Task directions
Keep only the lines from the start of the data through the line containing "Length unit declared in the file: inch", and output them exactly.

Records supplied
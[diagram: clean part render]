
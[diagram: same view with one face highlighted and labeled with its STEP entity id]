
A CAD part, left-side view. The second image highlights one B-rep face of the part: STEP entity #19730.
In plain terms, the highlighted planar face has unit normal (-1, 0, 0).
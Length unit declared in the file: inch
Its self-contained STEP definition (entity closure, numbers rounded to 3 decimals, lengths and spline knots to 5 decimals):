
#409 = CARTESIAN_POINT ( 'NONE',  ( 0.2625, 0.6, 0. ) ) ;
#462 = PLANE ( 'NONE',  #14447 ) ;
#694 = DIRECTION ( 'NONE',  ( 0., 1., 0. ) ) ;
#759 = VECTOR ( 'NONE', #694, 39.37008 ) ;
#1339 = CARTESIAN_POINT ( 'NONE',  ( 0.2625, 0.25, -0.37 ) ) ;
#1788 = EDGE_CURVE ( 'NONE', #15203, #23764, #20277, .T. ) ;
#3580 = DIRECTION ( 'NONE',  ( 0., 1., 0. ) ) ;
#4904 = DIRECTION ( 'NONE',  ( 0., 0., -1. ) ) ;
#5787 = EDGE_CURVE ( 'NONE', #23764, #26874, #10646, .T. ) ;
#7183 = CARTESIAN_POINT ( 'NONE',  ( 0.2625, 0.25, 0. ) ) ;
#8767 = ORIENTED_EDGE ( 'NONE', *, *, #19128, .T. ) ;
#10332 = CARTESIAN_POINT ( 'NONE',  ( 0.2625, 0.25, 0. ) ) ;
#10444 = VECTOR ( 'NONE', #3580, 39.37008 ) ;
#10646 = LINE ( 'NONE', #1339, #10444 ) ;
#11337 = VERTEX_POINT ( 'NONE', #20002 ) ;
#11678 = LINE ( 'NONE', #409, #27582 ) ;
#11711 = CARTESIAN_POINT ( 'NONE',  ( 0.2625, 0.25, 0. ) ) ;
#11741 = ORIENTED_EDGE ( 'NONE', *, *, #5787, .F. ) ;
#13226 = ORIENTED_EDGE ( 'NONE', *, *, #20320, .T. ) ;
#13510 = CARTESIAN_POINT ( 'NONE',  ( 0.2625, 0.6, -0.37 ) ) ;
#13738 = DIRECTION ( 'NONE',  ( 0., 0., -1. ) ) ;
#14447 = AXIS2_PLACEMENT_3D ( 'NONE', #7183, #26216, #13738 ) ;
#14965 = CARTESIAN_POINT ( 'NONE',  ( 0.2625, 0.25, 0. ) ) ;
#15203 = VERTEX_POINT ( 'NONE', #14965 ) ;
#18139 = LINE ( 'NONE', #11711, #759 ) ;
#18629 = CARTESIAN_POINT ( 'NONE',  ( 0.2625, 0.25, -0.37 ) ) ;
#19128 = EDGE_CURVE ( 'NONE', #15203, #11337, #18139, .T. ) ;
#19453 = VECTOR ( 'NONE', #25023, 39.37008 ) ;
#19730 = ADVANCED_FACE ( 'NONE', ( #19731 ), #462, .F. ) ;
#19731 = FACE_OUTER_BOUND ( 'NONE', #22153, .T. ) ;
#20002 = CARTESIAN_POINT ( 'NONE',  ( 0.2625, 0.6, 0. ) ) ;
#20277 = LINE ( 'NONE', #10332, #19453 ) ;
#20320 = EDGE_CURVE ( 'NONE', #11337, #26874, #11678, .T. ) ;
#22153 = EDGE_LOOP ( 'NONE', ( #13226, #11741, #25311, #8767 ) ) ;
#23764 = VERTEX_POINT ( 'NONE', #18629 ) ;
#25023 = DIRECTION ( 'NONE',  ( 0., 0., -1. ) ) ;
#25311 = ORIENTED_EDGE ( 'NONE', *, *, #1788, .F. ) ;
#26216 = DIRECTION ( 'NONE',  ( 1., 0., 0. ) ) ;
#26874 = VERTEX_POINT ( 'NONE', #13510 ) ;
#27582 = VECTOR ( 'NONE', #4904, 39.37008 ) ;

Written response
[diagram: clean part render]
[diagram: same view with one face highlighted and labeled with its STEP entity id]
A CAD part, left-side view. The second image highlights one B-rep face of the part: STEP entity #19730.
In plain terms, the highlighted planar face has unit normal (-1, 0, 0).
Length unit declared in the file: inch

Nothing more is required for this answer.